━━━ SOURCE MATERIAL
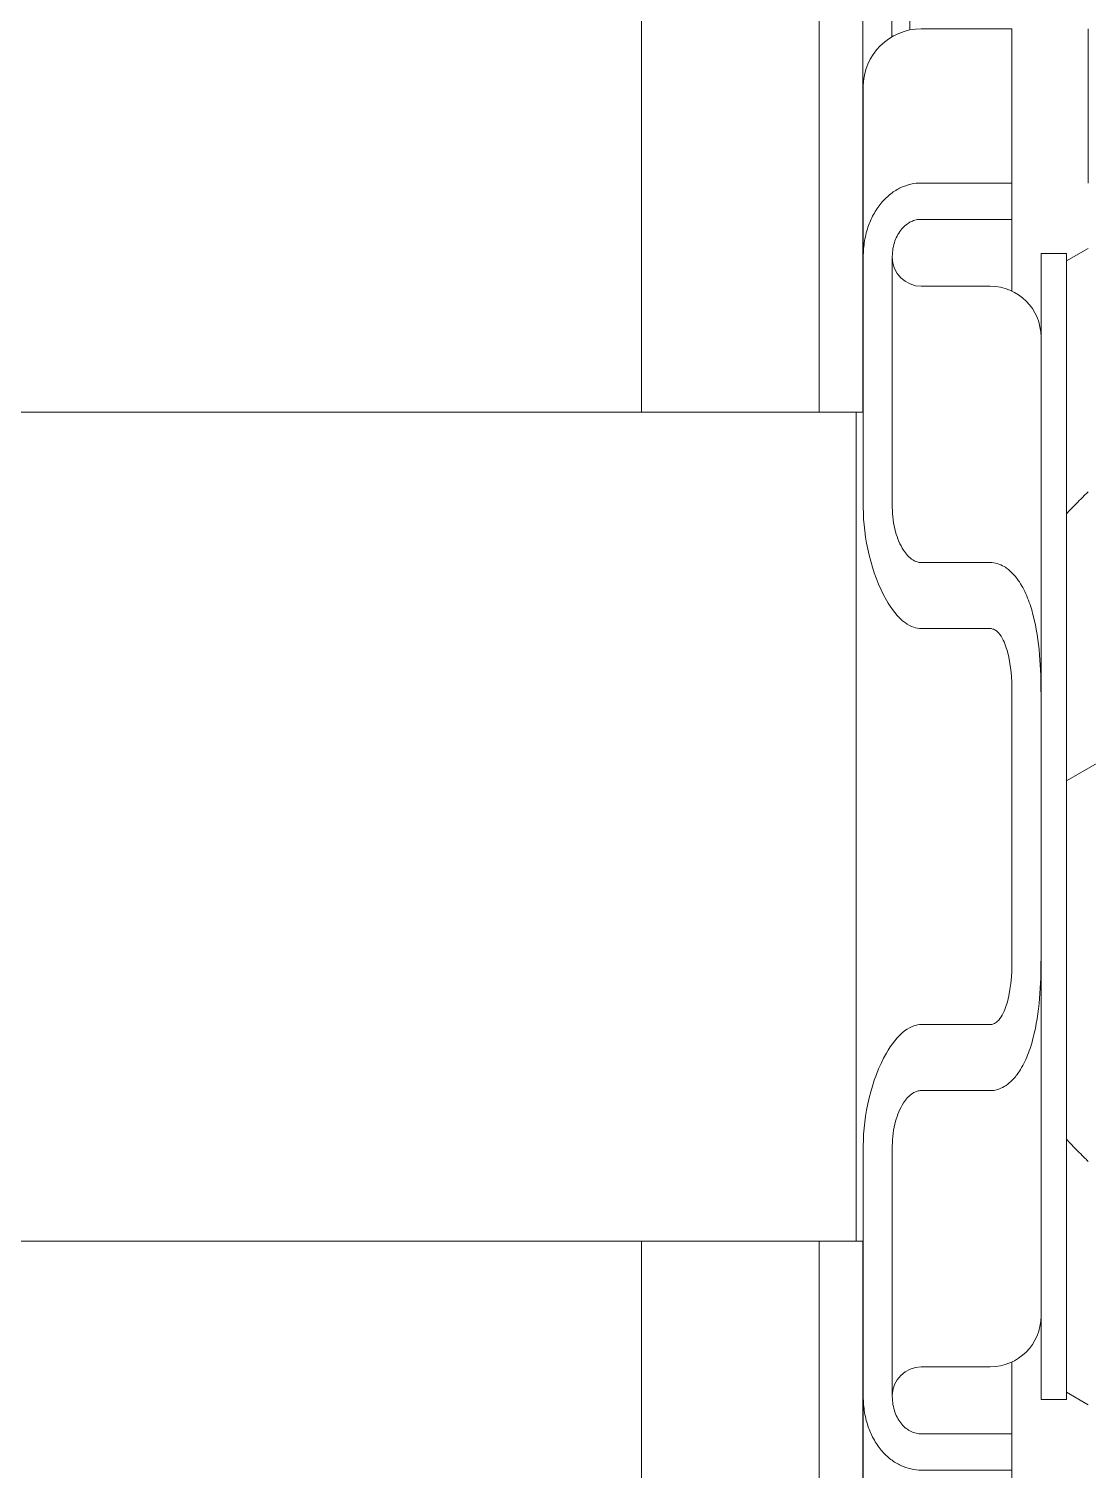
# Model space of a CAD drawing. Header units: millimetres. Extents: x -4172 to 126100, y -2 to 142133.
# Drawn here: x 20467.4 to 20759.5, y 14358.4 to 14755.8 of the extents above; entities that cross this region are included whole.
import ezdxf

# ---------------------------------------------------------------- set-up
doc = ezdxf.new("R2010")
doc.units = ezdxf.units.MM
doc.header["$LTSCALE"] = 100
doc.layers.add('Hatch', color=7, linetype='Continuous', lineweight=18)
doc.layers.add('P_Biomass (BM)', color=150, linetype='Continuous', lineweight=18, true_color=0x007fff)

msp = doc.modelspace()

# ---------------------------------------------------------------- hatches: boundary and pattern name
at = {"layer": 'Hatch'}
h = msp.add_hatch(dxfattribs=at)
h.set_pattern_fill('ANSI31', color=256, scale=2540, angle=15, style=0)
h.set_pattern_definition([(60, (0, 0), (-274.963, 158.75), [])])
edge = h.paths.add_edge_path()
edge.add_spline(control_points=[(20746.46, 14572.24), (20746.46, 14575.69), (20746.37, 14579.48), (20745.73, 14587.01), (20745.17, 14590.74), (20743.92, 14595.61), (20743.41, 14597.26), (20742.13, 14600.46), (20741.36, 14602), (20739.98, 14604.1), (20739.35, 14604.92), (20737.93, 14606.4), (20737.13, 14607.05), (20735.75, 14607.87), (20735.01, 14608.2), (20733.78, 14608.54), (20733.07, 14608.65), (20732.46, 14608.65)], knot_values=[1.707093, 1.707093, 1.707093, 1.707093, 2.224469, 2.224469, 2.741845, 2.741845, 2.978087, 2.978087, 3.214329, 3.214329, 3.355631, 3.355631, 3.496933, 3.496933, 3.597622, 3.597622, 3.688114, 3.688114, 3.688114, 3.688114], degree=3, periodic=0)
edge.add_line((20732.46, 14608.65), (20713.46, 14608.65))
edge.add_spline(control_points=[(20713.46, 14608.65), (20713.1, 14608.65), (20712.66, 14608.71), (20711.91, 14608.94), (20711.46, 14609.15), (20710.11, 14609.99), (20709.18, 14611.07), (20707.6, 14613.51), (20706.82, 14615.44), (20706.08, 14618.14), (20705.84, 14619.3), (20705.54, 14621.62), (20705.46, 14622.8), (20705.46, 14623.87)], knot_values=[-1.690235, -1.690235, -1.690235, -1.690235, -1.635239, -1.635239, -1.57291, -1.57291, -1.395758, -1.395758, -1.135897, -1.135897, -0.975272, -0.975272, -0.814647, -0.814647, -0.814647, -0.814647], degree=3, periodic=0)
edge.add_line((20705.46, 14623.87), (20705.46, 14693.05))
edge.add_spline(control_points=[(20705.46, 14693.05), (20705.46, 14693.74), (20705.52, 14694.5), (20705.77, 14695.98), (20705.96, 14696.71), (20706.4, 14697.93), (20706.67, 14698.53), (20707.31, 14699.67), (20707.69, 14700.21), (20708.43, 14701.06), (20708.83, 14701.45), (20709.72, 14702.14), (20710.2, 14702.44), (20711.08, 14702.86), (20711.55, 14703.03), (20712.51, 14703.25), (20713.01, 14703.3), (20713.46, 14703.3)], knot_values=[-0.678813, -0.678813, -0.678813, -0.678813, -0.575373, -0.575373, -0.471932, -0.471932, -0.381746, -0.381746, -0.291559, -0.291559, -0.214146, -0.214146, -0.136734, -0.136734, -0.068367, -0.068367, 0, 0, 0, 0], degree=3, periodic=0)
edge.add_line((20713.46, 14703.3), (20738.46, 14703.3))
edge.add_line((20738.46, 14703.3), (20738.46, 14713.32))
edge.add_line((20738.46, 14713.32), (20713.46, 14713.32))
edge.add_spline(control_points=[(20713.46, 14713.32), (20712.55, 14713.32), (20711.55, 14713.22), (20709.61, 14712.77), (20708.66, 14712.44), (20706.9, 14711.61), (20705.94, 14711.03), (20704.17, 14709.67), (20703.36, 14708.89), (20701.9, 14707.22), (20701.15, 14706.17), (20699.86, 14703.92), (20699.32, 14702.73), (20698.46, 14700.33), (20698.07, 14698.88), (20697.57, 14695.92), (20697.46, 14694.42), (20697.46, 14693.05)], knot_values=[0, 0, 0, 0, 0.137415, 0.137415, 0.274829, 0.274829, 0.428648, 0.428648, 0.582467, 0.582467, 0.760422, 0.760422, 0.938378, 0.938378, 1.143976, 1.143976, 1.349575, 1.349575, 1.349575, 1.349575], degree=3, periodic=0)
edge.add_line((20697.46, 14693.05), (20697.46, 14623.87))
edge.add_spline(control_points=[(20697.46, 14623.87), (20697.46, 14615.46), (20699.64, 14605.61), (20705.11, 14596.06), (20706.95, 14593.53), (20709.73, 14591.53), (20710.58, 14591.06), (20711.99, 14590.58), (20712.79, 14590.44), (20713.46, 14590.44)], knot_values=[1.589475, 1.589475, 1.589475, 1.589475, 2.850615, 2.850615, 3.241036, 3.241036, 3.363057, 3.363057, 3.464455, 3.464455, 3.464455, 3.464455], degree=3, periodic=0)
edge.add_line((20713.46, 14590.44), (20732.46, 14590.44))
edge.add_spline(control_points=[(20732.46, 14590.44), (20732.76, 14590.44), (20733.11, 14590.36), (20733.74, 14590.11), (20734.12, 14589.85), (20735.48, 14588.64), (20736.22, 14587.08), (20738.16, 14581.68), (20738.46, 14576.53), (20738.46, 14572.24)], knot_values=[-2.675589, -2.675589, -2.675589, -2.675589, -2.630704, -2.630704, -2.573846, -2.573846, -2.35773, -2.35773, -1.713416, -1.713416, -1.713416, -1.713416], degree=3, periodic=0)
edge.add_line((20738.46, 14572.24), (20738.46, 14499.44))
edge.add_spline(control_points=[(20738.46, 14499.44), (20738.46, 14495.14), (20738.16, 14490), (20736.22, 14484.6), (20735.48, 14483.04), (20734.12, 14481.82), (20733.74, 14481.57), (20733.11, 14481.31), (20732.76, 14481.24), (20732.46, 14481.24)], knot_values=[1.713416, 1.713416, 1.713416, 1.713416, 2.35773, 2.35773, 2.573846, 2.573846, 2.630704, 2.630704, 2.675589, 2.675589, 2.675589, 2.675589], degree=3, periodic=0)
edge.add_line((20732.46, 14481.24), (20713.46, 14481.24))
edge.add_spline(control_points=[(20713.46, 14481.24), (20712.79, 14481.24), (20711.99, 14481.1), (20710.58, 14480.61), (20709.73, 14480.14), (20706.95, 14478.14), (20705.11, 14475.62), (20699.64, 14466.07), (20697.46, 14456.22), (20697.46, 14447.81)], knot_values=[-3.464455, -3.464455, -3.464455, -3.464455, -3.363057, -3.363057, -3.241036, -3.241036, -2.850615, -2.850615, -1.589475, -1.589475, -1.589475, -1.589475], degree=3, periodic=0)
edge.add_line((20697.46, 14447.81), (20697.46, 14378.62))
edge.add_spline(control_points=[(20697.46, 14378.62), (20697.46, 14377.25), (20697.57, 14375.75), (20698.07, 14372.8), (20698.46, 14371.35), (20699.32, 14368.94), (20699.86, 14367.75), (20701.15, 14365.51), (20701.9, 14364.45), (20703.36, 14362.79), (20704.17, 14362.01), (20705.94, 14360.64), (20706.9, 14360.06), (20708.66, 14359.24), (20709.61, 14358.9), (20711.55, 14358.46), (20712.55, 14358.36), (20713.46, 14358.36)], knot_values=[-1.349575, -1.349575, -1.349575, -1.349575, -1.143976, -1.143976, -0.938378, -0.938378, -0.760422, -0.760422, -0.582467, -0.582467, -0.428648, -0.428648, -0.274829, -0.274829, -0.137415, -0.137415, 0, 0, 0, 0], degree=3, periodic=0)
edge.add_line((20713.46, 14358.36), (20738.46, 14358.36))
edge.add_line((20738.46, 14358.36), (20738.46, 14368.37))
edge.add_line((20738.46, 14368.37), (20713.46, 14368.37))
edge.add_spline(control_points=[(20713.46, 14368.37), (20713.01, 14368.37), (20712.51, 14368.43), (20711.55, 14368.65), (20711.08, 14368.82), (20710.2, 14369.24), (20709.72, 14369.53), (20708.83, 14370.22), (20708.43, 14370.62), (20707.69, 14371.47), (20707.31, 14372), (20706.67, 14373.14), (20706.4, 14373.75), (20705.96, 14374.96), (20705.77, 14375.69), (20705.52, 14377.18), (20705.46, 14377.93), (20705.46, 14378.62)], knot_values=[0, 0, 0, 0, 0.068367, 0.068367, 0.136734, 0.136734, 0.214146, 0.214146, 0.291559, 0.291559, 0.381746, 0.381746, 0.471932, 0.471932, 0.575373, 0.575373, 0.678813, 0.678813, 0.678813, 0.678813], degree=3, periodic=0)
edge.add_line((20705.46, 14378.62), (20705.46, 14447.81))
edge.add_spline(control_points=[(20705.46, 14447.81), (20705.46, 14448.88), (20705.54, 14450.05), (20705.84, 14452.38), (20706.08, 14453.53), (20706.82, 14456.23), (20707.6, 14458.16), (20709.18, 14460.61), (20710.11, 14461.68), (20711.46, 14462.53), (20711.91, 14462.74), (20712.66, 14462.96), (20713.1, 14463.03), (20713.46, 14463.03)], knot_values=[0.814647, 0.814647, 0.814647, 0.814647, 0.975272, 0.975272, 1.135897, 1.135897, 1.395758, 1.395758, 1.57291, 1.57291, 1.635239, 1.635239, 1.690235, 1.690235, 1.690235, 1.690235], degree=3, periodic=0)
edge.add_line((20713.46, 14463.03), (20732.46, 14463.03))
edge.add_spline(control_points=[(20732.46, 14463.03), (20733.07, 14463.03), (20733.78, 14463.13), (20735.01, 14463.48), (20735.75, 14463.8), (20737.13, 14464.63), (20737.93, 14465.28), (20739.35, 14466.75), (20739.98, 14467.57), (20741.36, 14469.68), (20742.13, 14471.22), (20743.41, 14474.41), (20743.92, 14476.07), (20745.17, 14480.93), (20745.73, 14484.67), (20746.37, 14492.2), (20746.46, 14495.99), (20746.46, 14499.44)], knot_values=[-3.688114, -3.688114, -3.688114, -3.688114, -3.597622, -3.597622, -3.496933, -3.496933, -3.355631, -3.355631, -3.214329, -3.214329, -2.978087, -2.978087, -2.741845, -2.741845, -2.224469, -2.224469, -1.707093, -1.707093, -1.707093, -1.707093], degree=3, periodic=0)
edge.add_line((20746.46, 14499.44), (20746.46, 14572.24))
h = msp.add_hatch(dxfattribs=at)
h.set_pattern_fill('ANSI31', color=256, scale=2540, angle=-15, style=0)
h.set_pattern_definition([(30, (0, 0), (-158.75, 274.963), [])])
edge = h.paths.add_edge_path()
edge.add_line((21133.46, 14449.61), (21133.46, 14497.84))
edge.add_line((21133.46, 14497.84), (21133.46, 14622.07))
edge.add_spline(control_points=[(21133.46, 14622.07), (21130.57, 14625.1), (21127.46, 14628.19)], knot_values=[0, 0, 0, 0.428508, 0.428508, 0.428508], weights=[1, 1.000188, 1], degree=2, periodic=0)
edge.add_line((21127.46, 14628.19), (21127.46, 14713.32))
edge.add_line((21127.46, 14713.32), (21085.46, 14713.32))
edge.add_line((21085.46, 14713.32), (21085.46, 14600.06))
edge.add_line((21085.46, 14600.06), (21065.46, 14600.06))
edge.add_spline(control_points=[(21065.46, 14600.06), (21050.26, 14625.82), (21021.46, 14657.43)], knot_values=[0, 0, 0, 3.619346, 3.619346, 3.619346], weights=[1, 1.016153, 1], degree=2, periodic=0)
edge.add_line((21021.46, 14657.43), (21021.46, 14713.32))
edge.add_line((21021.46, 14713.32), (20967.46, 14713.32))
edge.add_line((20967.46, 14713.32), (20967.46, 14657.43))
edge.add_line((20967.46, 14657.43), (20934.96, 14657.43))
edge.add_ellipse((20934.96, 14535.84), major_axis=(0, 121.59), ratio=1, start_angle=0, end_angle=51.7138)
edge.add_spline(control_points=[(20839.53, 14611.17), (20838.91, 14610.39), (20838.26, 14609.62), (20835.68, 14606.74), (20833.55, 14604.82), (20830.62, 14602.86), (20829.77, 14602.35), (20828.01, 14601.48), (20827.1, 14601.11), (20825.52, 14600.6), (20824.71, 14600.39), (20823.06, 14600.13), (20822.23, 14600.06), (20821.46, 14600.06)], knot_values=[5.339515, 5.339515, 5.339515, 5.339515, 5.477599, 5.477599, 5.872516, 5.872516, 6.007015, 6.007015, 6.141513, 6.141513, 6.255975, 6.255975, 6.370437, 6.370437, 6.370437, 6.370437], degree=3, periodic=0)
edge.add_line((20821.46, 14600.06), (20801.46, 14600.06))
edge.add_line((20801.46, 14600.06), (20801.46, 14713.32))
edge.add_line((20801.46, 14713.32), (20759.46, 14713.32))
edge.add_line((20759.46, 14713.32), (20759.46, 14628.19))
edge.add_spline(control_points=[(20759.46, 14628.19), (20756.36, 14625.1), (20753.46, 14622.07)], knot_values=[0, 0, 0, 0.428508, 0.428508, 0.428508], weights=[1, 1.000188, 1], degree=2, periodic=0)
edge.add_line((20753.46, 14622.07), (20753.46, 14449.61))
edge.add_spline(control_points=[(20753.46, 14449.61), (20756.36, 14446.58), (20759.46, 14443.49)], knot_values=[0, 0, 0, 0.428508, 0.428508, 0.428508], weights=[1, 1.000188, 1], degree=2, periodic=0)
edge.add_line((20759.46, 14443.49), (20759.46, 14358.36))
edge.add_line((20759.46, 14358.36), (20801.46, 14358.36))
edge.add_line((20801.46, 14358.36), (20801.46, 14471.61))
edge.add_line((20801.46, 14471.61), (20821.46, 14471.61))
edge.add_spline(control_points=[(20821.46, 14471.61), (20822.23, 14471.61), (20823.06, 14471.55), (20824.71, 14471.28), (20825.52, 14471.08), (20827.1, 14470.57), (20828.01, 14470.2), (20829.77, 14469.32), (20830.62, 14468.82), (20833.55, 14466.86), (20835.68, 14464.93), (20838.26, 14462.05), (20838.91, 14461.28), (20839.53, 14460.5)], knot_values=[6.370437, 6.370437, 6.370437, 6.370437, 6.484899, 6.484899, 6.599361, 6.599361, 6.73386, 6.73386, 6.868359, 6.868359, 7.263276, 7.263276, 7.40136, 7.40136, 7.40136, 7.40136], degree=3, periodic=0)
edge.add_ellipse((20934.96, 14535.84), major_axis=(75.34, -95.44), ratio=1, start_angle=270, end_angle=321.7138)
edge.add_line((20934.96, 14414.25), (20967.46, 14414.25))
edge.add_line((20967.46, 14414.25), (20967.46, 14358.36))
edge.add_line((20967.46, 14358.36), (21021.46, 14358.36))
edge.add_line((21021.46, 14358.36), (21021.46, 14414.25))
edge.add_spline(control_points=[(21021.46, 14414.25), (21050.26, 14445.86), (21065.46, 14471.61)], knot_values=[0, 0, 0, 3.619346, 3.619346, 3.619346], weights=[1, 1.016153, 1], degree=2, periodic=0)
edge.add_line((21065.46, 14471.61), (21085.46, 14471.61))
edge.add_line((21085.46, 14471.61), (21085.46, 14358.36))
edge.add_line((21085.46, 14358.36), (21127.46, 14358.36))
edge.add_line((21127.46, 14358.36), (21127.46, 14443.49))
edge.add_spline(control_points=[(21127.46, 14443.49), (21130.57, 14446.58), (21133.46, 14449.61)], knot_values=[0, 0, 0, 0.428508, 0.428508, 0.428508], weights=[1, 1.000188, 1], degree=2, periodic=0)

# ---------------------------------------------------------------- linework, layer by layer
at = {"layer": 'P_Biomass (BM)'}
for p, q in [((20685.29, 14930.84), (20685.29, 14650.14)), ((20697.29, 14855.84), (20697.29, 14650.14)), ((20705.29, 14855.84), (20705.29, 14753.6)), ((20705.29, 14855.84), (20705.29, 14753.6)), ((20636.29, 14789), (20636.29, 14650.14)), ((20710.29, 14755.52), (20710.29, 14763.33)), ((20738.46, 14755.84), (20713.46, 14755.84)), ((20738.46, 14755.84), (20738.46, 14713.32)), ((20759.46, 14755.84), (20759.46, 14713.32)), ((20697.46, 14739.84), (20697.46, 14693.05)), ((20738.46, 14713.32), (20713.46, 14713.32)), ((20738.46, 14703.3), (20738.46, 14713.32)), ((20713.46, 14703.3), (20738.46, 14703.3)), ((20738.46, 14703.3), (20738.46, 14683.49)), ((20753.46, 14691.84), (20759.46, 14695.3)), ((20697.46, 14693.05), (20697.46, 14623.87)), ((20705.46, 14623.87), (20705.46, 14693.05)), ((20746.46, 14693.84), (20746.46, 14377.84)), ((20753.46, 14693.84), (20746.46, 14693.84)), ((20753.46, 14693.84), (20753.46, 14377.84)), ((20732.46, 14684.84), (20713.46, 14684.84)), ((20697.46, 14650.14), (20297.46, 14650.14)), ((20695.46, 14650.14), (20695.46, 14421.54)), ((20697.46, 14650.14), (20695.46, 14650.14)), ((20732.46, 14608.65), (20713.46, 14608.65)), ((20713.46, 14590.44), (20732.46, 14590.44)), ((20738.46, 14572.24), (20738.46, 14499.44)), ((20732.46, 14481.24), (20713.46, 14481.24)), ((20713.46, 14463.03), (20732.46, 14463.03)), ((20697.46, 14447.81), (20697.46, 14378.62)), ((20705.46, 14378.62), (20705.46, 14447.81)), ((20697.46, 14421.54), (20297.46, 14421.54)), ((20636.29, 14421.54), (20636.29, 14271.2)), ((20685.29, 14421.54), (20685.29, 14140.84)), ((20697.46, 14421.54), (20695.46, 14421.54)), ((20697.29, 14421.54), (20697.29, 14215.84)), ((20732.46, 14386.84), (20713.46, 14386.84)), ((20738.46, 14388.19), (20738.46, 14368.37)), ((20697.46, 14378.62), (20697.46, 14331.84)), ((20753.46, 14377.84), (20746.46, 14377.84)), ((20753.46, 14379.84), (20759.46, 14376.37)), ((20738.46, 14368.37), (20713.46, 14368.37)), ((20738.46, 14358.36), (20738.46, 14368.37)), ((20713.46, 14358.36), (20738.46, 14358.36)), ((20738.46, 14358.36), (20738.46, 14315.84))]:
    msp.add_line(p, q, dxfattribs=at)
for centre, radius, start, end in [((20713.46, 14739.84), 16, 90, 180), ((20713.46, 14692.84), 8, 180, 270), ((20732.46, 14670.84), 14, 0, 90), ((20732.46, 14400.84), 14, 270, 0), ((20713.46, 14378.84), 8, 90, 180)]:
    msp.add_arc(centre, radius, start, end, dxfattribs=at)
for points, knots in [([(20713.46, 14713.32), (20712.55, 14713.32), (20711.55, 14713.22), (20709.61, 14712.77), (20708.66, 14712.44), (20706.9, 14711.61), (20705.94, 14711.03), (20704.17, 14709.67), (20703.36, 14708.89), (20701.9, 14707.22), (20701.15, 14706.17), (20699.86, 14703.92), (20699.32, 14702.73), (20698.46, 14700.33), (20698.07, 14698.88), (20697.57, 14695.92), (20697.46, 14694.42), (20697.46, 14693.05)], [0, 0, 0, 0, 0.137415, 0.137415, 0.274829, 0.274829, 0.428648, 0.428648, 0.582467, 0.582467, 0.760422, 0.760422, 0.938378, 0.938378, 1.143976, 1.143976, 1.349575, 1.349575, 1.349575, 1.349575]), ([(20705.46, 14693.05), (20705.46, 14693.74), (20705.52, 14694.5), (20705.77, 14695.98), (20705.96, 14696.71), (20706.4, 14697.93), (20706.67, 14698.53), (20707.31, 14699.67), (20707.69, 14700.21), (20708.43, 14701.06), (20708.83, 14701.45), (20709.72, 14702.14), (20710.2, 14702.44), (20711.08, 14702.86), (20711.55, 14703.03), (20712.51, 14703.25), (20713.01, 14703.3), (20713.46, 14703.3)], [-0.6788126, -0.6788126, -0.6788126, -0.6788126, -0.5753725, -0.5753725, -0.4719325, -0.4719325, -0.3817456, -0.3817456, -0.2915587, -0.2915587, -0.2141464, -0.2141464, -0.136734, -0.136734, -0.068367, -0.068367, 0, 0, 0, 0]), ([(20697.46, 14623.87), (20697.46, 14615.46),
━━━━━━
▶ _TASK TO COMPLETE_:
Look above for the line with "doc.units = ezdxf.units.MM"; retype exactly that line, every line after it up to the line with "msp = doc.modelspace()", and that line too, nothing else.

▶ _TASK RESULT_:
doc.units = ezdxf.units.MM
doc.header["$LTSCALE"] = 100
doc.layers.add('Hatch', color=7, linetype='Continuous', lineweight=18)
doc.layers.add('P_Biomass (BM)', color=150, linetype='Continuous', lineweight=18, true_color=0x007fff)

msp = doc.modelspace()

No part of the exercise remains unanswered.